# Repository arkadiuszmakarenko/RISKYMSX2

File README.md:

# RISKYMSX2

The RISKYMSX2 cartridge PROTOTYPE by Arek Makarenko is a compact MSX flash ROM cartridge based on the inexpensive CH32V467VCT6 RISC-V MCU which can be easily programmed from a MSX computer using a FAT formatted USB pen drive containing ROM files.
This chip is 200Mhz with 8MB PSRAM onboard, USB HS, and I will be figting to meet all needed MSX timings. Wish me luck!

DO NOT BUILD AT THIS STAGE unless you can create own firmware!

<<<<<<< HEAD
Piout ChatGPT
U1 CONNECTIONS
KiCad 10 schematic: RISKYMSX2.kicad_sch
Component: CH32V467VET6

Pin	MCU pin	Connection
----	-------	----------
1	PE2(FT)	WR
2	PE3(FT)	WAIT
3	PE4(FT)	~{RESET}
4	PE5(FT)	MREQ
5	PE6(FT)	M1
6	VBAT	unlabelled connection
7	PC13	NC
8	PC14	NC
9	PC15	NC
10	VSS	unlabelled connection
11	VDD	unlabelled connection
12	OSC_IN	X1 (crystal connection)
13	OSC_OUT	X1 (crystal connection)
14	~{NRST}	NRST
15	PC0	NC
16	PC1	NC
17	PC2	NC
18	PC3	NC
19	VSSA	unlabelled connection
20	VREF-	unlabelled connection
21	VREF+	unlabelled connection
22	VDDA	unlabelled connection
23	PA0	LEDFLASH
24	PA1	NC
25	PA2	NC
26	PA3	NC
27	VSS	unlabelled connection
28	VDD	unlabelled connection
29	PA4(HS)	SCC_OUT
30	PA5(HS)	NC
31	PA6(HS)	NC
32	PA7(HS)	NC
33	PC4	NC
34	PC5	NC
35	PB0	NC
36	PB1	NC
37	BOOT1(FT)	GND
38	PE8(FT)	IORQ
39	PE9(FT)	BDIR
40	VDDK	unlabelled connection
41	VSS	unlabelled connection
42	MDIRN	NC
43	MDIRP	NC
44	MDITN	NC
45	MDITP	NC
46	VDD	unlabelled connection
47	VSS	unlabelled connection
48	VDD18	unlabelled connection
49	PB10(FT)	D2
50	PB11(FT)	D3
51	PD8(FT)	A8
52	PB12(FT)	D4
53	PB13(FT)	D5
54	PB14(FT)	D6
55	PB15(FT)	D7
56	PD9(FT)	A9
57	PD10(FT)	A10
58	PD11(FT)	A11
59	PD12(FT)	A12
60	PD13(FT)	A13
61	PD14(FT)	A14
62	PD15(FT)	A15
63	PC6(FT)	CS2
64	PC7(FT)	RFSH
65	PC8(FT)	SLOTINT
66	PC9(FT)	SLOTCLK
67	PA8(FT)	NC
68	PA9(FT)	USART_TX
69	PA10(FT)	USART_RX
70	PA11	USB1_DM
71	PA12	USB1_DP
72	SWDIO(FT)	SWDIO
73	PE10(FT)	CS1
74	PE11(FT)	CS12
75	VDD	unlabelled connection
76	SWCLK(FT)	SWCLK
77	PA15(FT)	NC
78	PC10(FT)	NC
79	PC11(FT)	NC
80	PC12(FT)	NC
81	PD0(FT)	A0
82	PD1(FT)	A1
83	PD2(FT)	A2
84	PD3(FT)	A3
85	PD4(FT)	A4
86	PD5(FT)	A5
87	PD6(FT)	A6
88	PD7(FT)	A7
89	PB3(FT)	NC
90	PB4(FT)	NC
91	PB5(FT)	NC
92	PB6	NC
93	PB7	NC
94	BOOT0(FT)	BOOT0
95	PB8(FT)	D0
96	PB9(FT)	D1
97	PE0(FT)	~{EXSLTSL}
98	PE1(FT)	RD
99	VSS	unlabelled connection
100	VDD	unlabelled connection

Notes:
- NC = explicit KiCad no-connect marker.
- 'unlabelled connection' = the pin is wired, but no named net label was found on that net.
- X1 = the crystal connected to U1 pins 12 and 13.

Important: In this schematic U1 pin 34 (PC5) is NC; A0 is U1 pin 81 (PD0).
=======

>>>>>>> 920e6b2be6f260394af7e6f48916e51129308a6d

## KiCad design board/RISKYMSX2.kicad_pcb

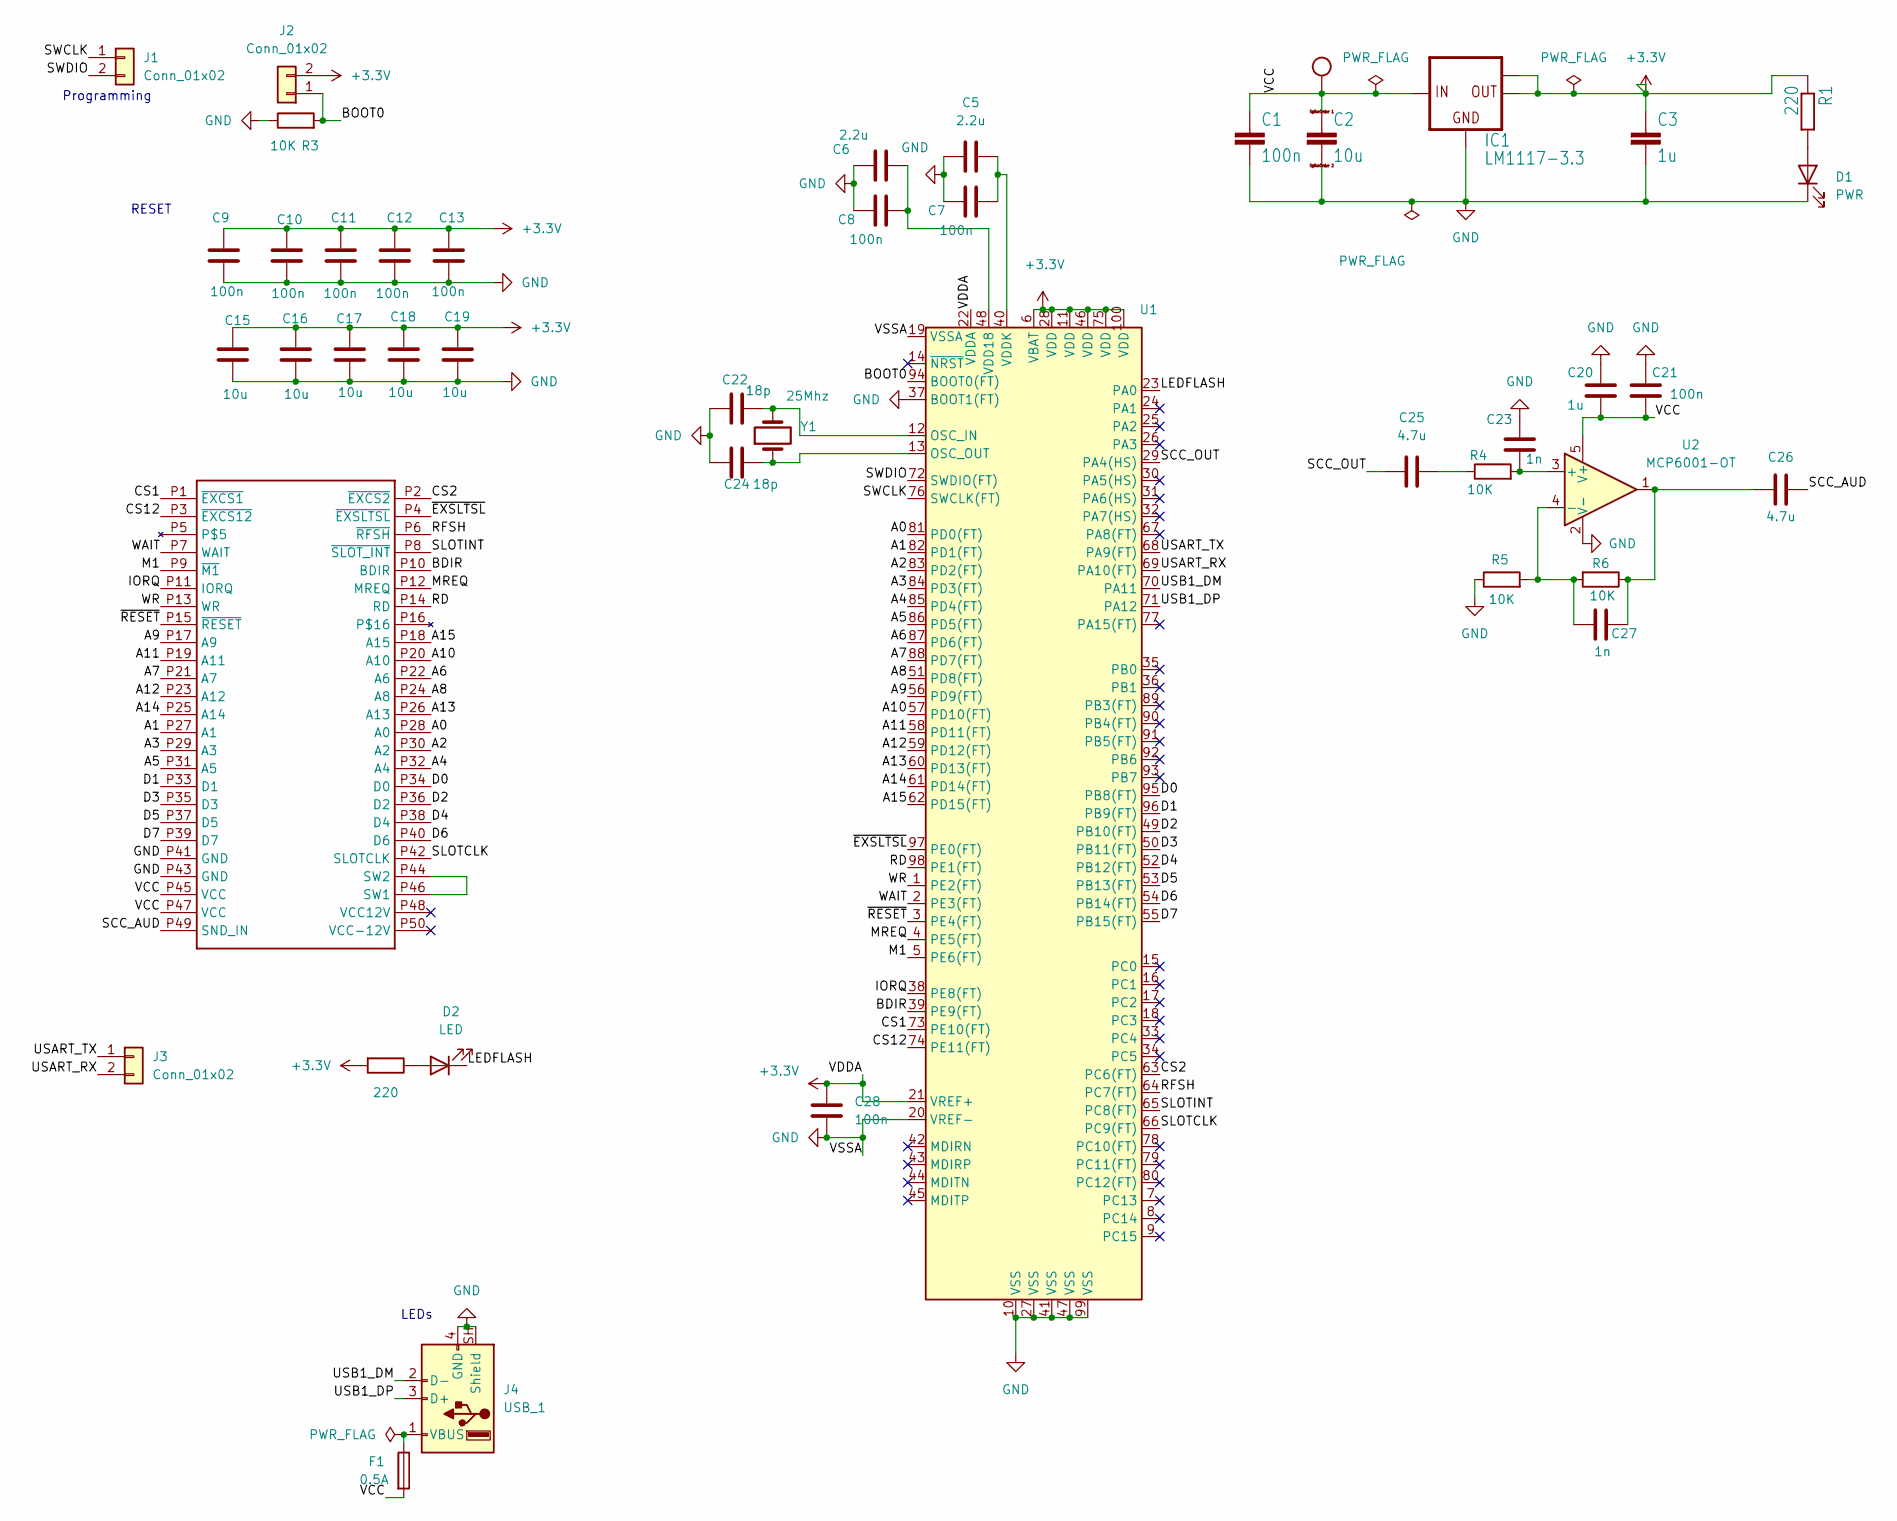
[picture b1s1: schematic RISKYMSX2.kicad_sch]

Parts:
C1: 100n; C_1206_3216Metric
C2, C15, C16, C17, C18, C19: 10u; C_0603_1608Metric_Pad1.08x0.95mm_HandSolder
C3: 1u; C_1206_3216Metric
C5, C6: 2.2u; C_0603_1608Metric_Pad1.08x0.95mm_HandSolder
C7, C8, C9, C10, C11, C12, C13, C21, C28: 100n; C_0603_1608Metric_Pad1.08x0.95mm_HandSolder
C20: 1u; C_0603_1608Metric_Pad1.08x0.95mm_HandSolder
C22, C24: 18p; C_0603_1608Metric_Pad1.08x0.95mm_HandSolder
C23, C27: 1n; C_0603_1608Metric_Pad1.08x0.95mm_HandSolder
C25, C26: 4.7u; C_0603_1608Metric_Pad1.08x0.95mm_HandSolder
CN1: MSX_CART
D1: PWR; LED_1206_3216Metric_Pad1.42x1.75mm_HandSolder
D2: LED; LED_1206_3216Metric_Pad1.42x1.75mm_HandSolder
F1: 0.5A; Fuse_1206_3216Metric_Pad1.42x1.75mm_HandSolder
IC1: LM1117-3.3; SOT223
J1, J2, J3: Conn_01x02; PinHeader_1x02_P2.54mm_Vertical
J4: USB_1; USB_A_Molex_67643_Horizontal
R1, R7: 220; R_0603_1608Metric_Pad0.98x0.95mm_HandSolder
R3, R4, R5, R6: 10K; R_0603_1608Metric_Pad0.98x0.95mm_HandSolder
U1: CH32V467VET6; LQFP-100_14x14mm_P0.5mm
U2: MCP6001-OT; SOT-23-5
Y1: 25Mhz; Crystal_HC49-4H_Vertical

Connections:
+3.3V: C3.1, C9.1, C10.1, C11.1, C12.1, C13.1, C15.1, C16.1, C17.1, C18.1, C19.1, C28.1, IC1.2 (OUT), IC1.TAB (OUT1), J2.2, R1.1, R7.2, U1.6 (VBAT), U1.11 (VDD), U1.21 (VREF+), U1.22 (VDDA), U1.28 (VDD), U1.46 (VDD), U1.75 (VDD), U1.100 (VDD)
/A0: CN1.P28 (A0), U1.81 (PD0(FT))
/A1: CN1.P27 (A1), U1.82 (PD1(FT))
/A2: CN1.P30 (A2), U1.83 (PD2(FT))
/A3: CN1.P29 (A3), U1.84 (PD3(FT))
/A4: CN1.P32 (A4), U1.85 (PD4(FT))
/A5: CN1.P31 (A5), U1.86 (PD5(FT))
/A6: CN1.P22 (A6), U1.87 (PD6(FT))
/A7: CN1.P21 (A7), U1.88 (PD7(FT))
/A8: CN1.P24 (A8), U1.51 (PD8(FT))
/A9: CN1.P17 (A9), U1.56 (PD9(FT))
/A10: CN1.P20 (A10), U1.57 (PD10(FT))
/A11: CN1.P19 (A11), U1.58 (PD11(FT))
/A12: CN1.P23 (A12), U1.59 (PD12(FT))
/A13: CN1.P26 (A13), U1.60 (PD13(FT))
/A14: CN1.P25 (A14), U1.61 (PD14(FT))
/A15: CN1.P18 (A15), U1.62 (PD15(FT))
/BDIR: CN1.P10 (BDIR), U1.39 (PE9(FT))
/BOOT0: J2.1, R3.2, U1.94 (BOOT0(FT))
/CS1: CN1.P1 (~EXCS1), U1.73 (PE10(FT))
/CS2: CN1.P2 (~EXCS2), U1.63 (PC6(FT))
/CS12: CN1.P3 (~EXCS12), U1.74 (PE11(FT))
/D0: CN1.P34 (D0), U1.95 (PB8(FT))
/D1: CN1.P33 (D1), U1.96 (PB9(FT))
/D2: CN1.P36 (D2), U1.49 (PB10(FT))
/D3: CN1.P35 (D3), U1.50 (PB11(FT))
/D4: CN1.P38 (D4), U1.52 (PB12(FT))
/D5: CN1.P37 (D5), U1.53 (PB13(FT))
/D6: CN1.P40 (D6), U1.54 (PB14(FT))
/D7: CN1.P39 (D7), U1.55 (PB15(FT))
/IORQ: CN1.P11 (IORQ), U1.38 (PE8(FT))
/LEDFLASH: D2.1 (K), U1.23 (PA0)
/M1: CN1.P9 (~M1), U1.5 (PE6(FT))
/MREQ: CN1.P12 (MREQ), U1.4 (PE5(FT))
/RD: CN1.P14 (RD), U1.98 (PE1(FT))
/RFSH: CN1.P6 (~RFSH), U1.64 (PC7(FT))
/SCC_AUD: C26.2, CN1.P49 (SND_IN)
/SCC_OUT: C25.1, U1.29 (PA4(HS))
/SLOTCLK: CN1.P42 (SLOTCLK), U1.66 (PC9(FT))
/SLOTINT: CN1.P8 (~SLOT_INT), U1.65 (PC8(FT))
/SWCLK: J1.1, U1.76 (SWCLK(FT))
/SWDIO: J1.2, U1.72 (SWDIO(FT))
/USART_RX: J3.2, U1.69 (PA10(FT))
/USART_TX: J3.1, U1.68 (PA9(FT))
/USB1_DM: J4.2 (D-), U1.70 (PA11)
/USB1_DP: J4.3 (D+), U1.71 (PA12)
/WAIT: CN1.P7 (WAIT), U1.2 (PE3(FT))
/WR: CN1.P13 (WR), U1.1 (PE2(FT))
/~EXSLTSL: CN1.P4 (~EXSLTSL), U1.97 (PE0(FT))
/~RESET: CN1.P15 (~RESET), U1.3 (PE4(FT))
GND: C1.2, C2.2, C3.2, C5.1, C6.1, C7.1, C8.1, C9.2, C10.2, C11.2, C12.2, C13.2, C15.2, C16.2, C17.2, C18.2, C19.2, C20.1, C21.1, C22.1, C23.2, C24.1, C28.2, CN1.P41 (GND), CN1.P43 (GND), D1.1 (K), IC1.1 (GND), J4.4 (GND), J4.SH (Shield), R3.1, R5.1, U1.10 (VSS), U1.19 (VSSA), U1.20 (VREF-), U1.27 (VSS), U1.37 (BOOT1(FT)), U1.41 (VSS), U1.47 (VSS), U1.99 (VSS), U2.2 (V-)
unnamed: C25.2, R4.1
unnamed: C26.1, C27.2, R6.1, U2.1
unnamed: CN1.P44 (SW2), CN1.P46 (SW1)
unnamed: D1.2 (A), R1.2
unnamed: D2.2 (A), R7.1
unnamed: F1.1, J4.1 (VBUS)
unnamed: C22.2, U1.12 (OSC_IN), Y1.2
unnamed: C24.2, U1.13 (OSC_OUT), Y1.1
unnamed: C6.2, C8.2, U1.48 (VDD18)
unnamed: C5.2, C7.2, U1.40 (VDDK)
unnamed: C23.1, R4.2, U2.3 (+)
unnamed: C27.1, R5.2, R6.2, U2.4 (-)
VCC: C1.1, C2.1, C20.2, C21.2, CN1.P45 (VCC), CN1.P47 (VCC), F1.2, IC1.3 (IN), U2.5 (V+)

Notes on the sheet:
RESET
Programming
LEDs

○ ○ ○ ○ ○

For the material above, reproduce exactly the lines from the line with "C5, C6: 2.2u;" to the line with "R1, R7: 220;", inclusive, and exclude all others.

C5, C6: 2.2u; C_0603_1608Metric_Pad1.08x0.95mm_HandSolder
C7, C8, C9, C10, C11, C12, C13, C21, C28: 100n; C_0603_1608Metric_Pad1.08x0.95mm_HandSolder
C20: 1u; C_0603_1608Metric_Pad1.08x0.95mm_HandSolder
C22, C24: 18p; C_0603_1608Metric_Pad1.08x0.95mm_HandSolder
C23, C27: 1n; C_0603_1608Metric_Pad1.08x0.95mm_HandSolder
C25, C26: 4.7u; C_0603_1608Metric_Pad1.08x0.95mm_HandSolder
CN1: MSX_CART
D1: PWR; LED_1206_3216Metric_Pad1.42x1.75mm_HandSolder
D2: LED; LED_1206_3216Metric_Pad1.42x1.75mm_HandSolder
F1: 0.5A; Fuse_1206_3216Metric_Pad1.42x1.75mm_HandSolder
IC1: LM1117-3.3; SOT223
J1, J2, J3: Conn_01x02; PinHeader_1x02_P2.54mm_Vertical
J4: USB_1; USB_A_Molex_67643_Horizontal
R1, R7: 220; R_0603_1608Metric_Pad0.98x0.95mm_HandSolder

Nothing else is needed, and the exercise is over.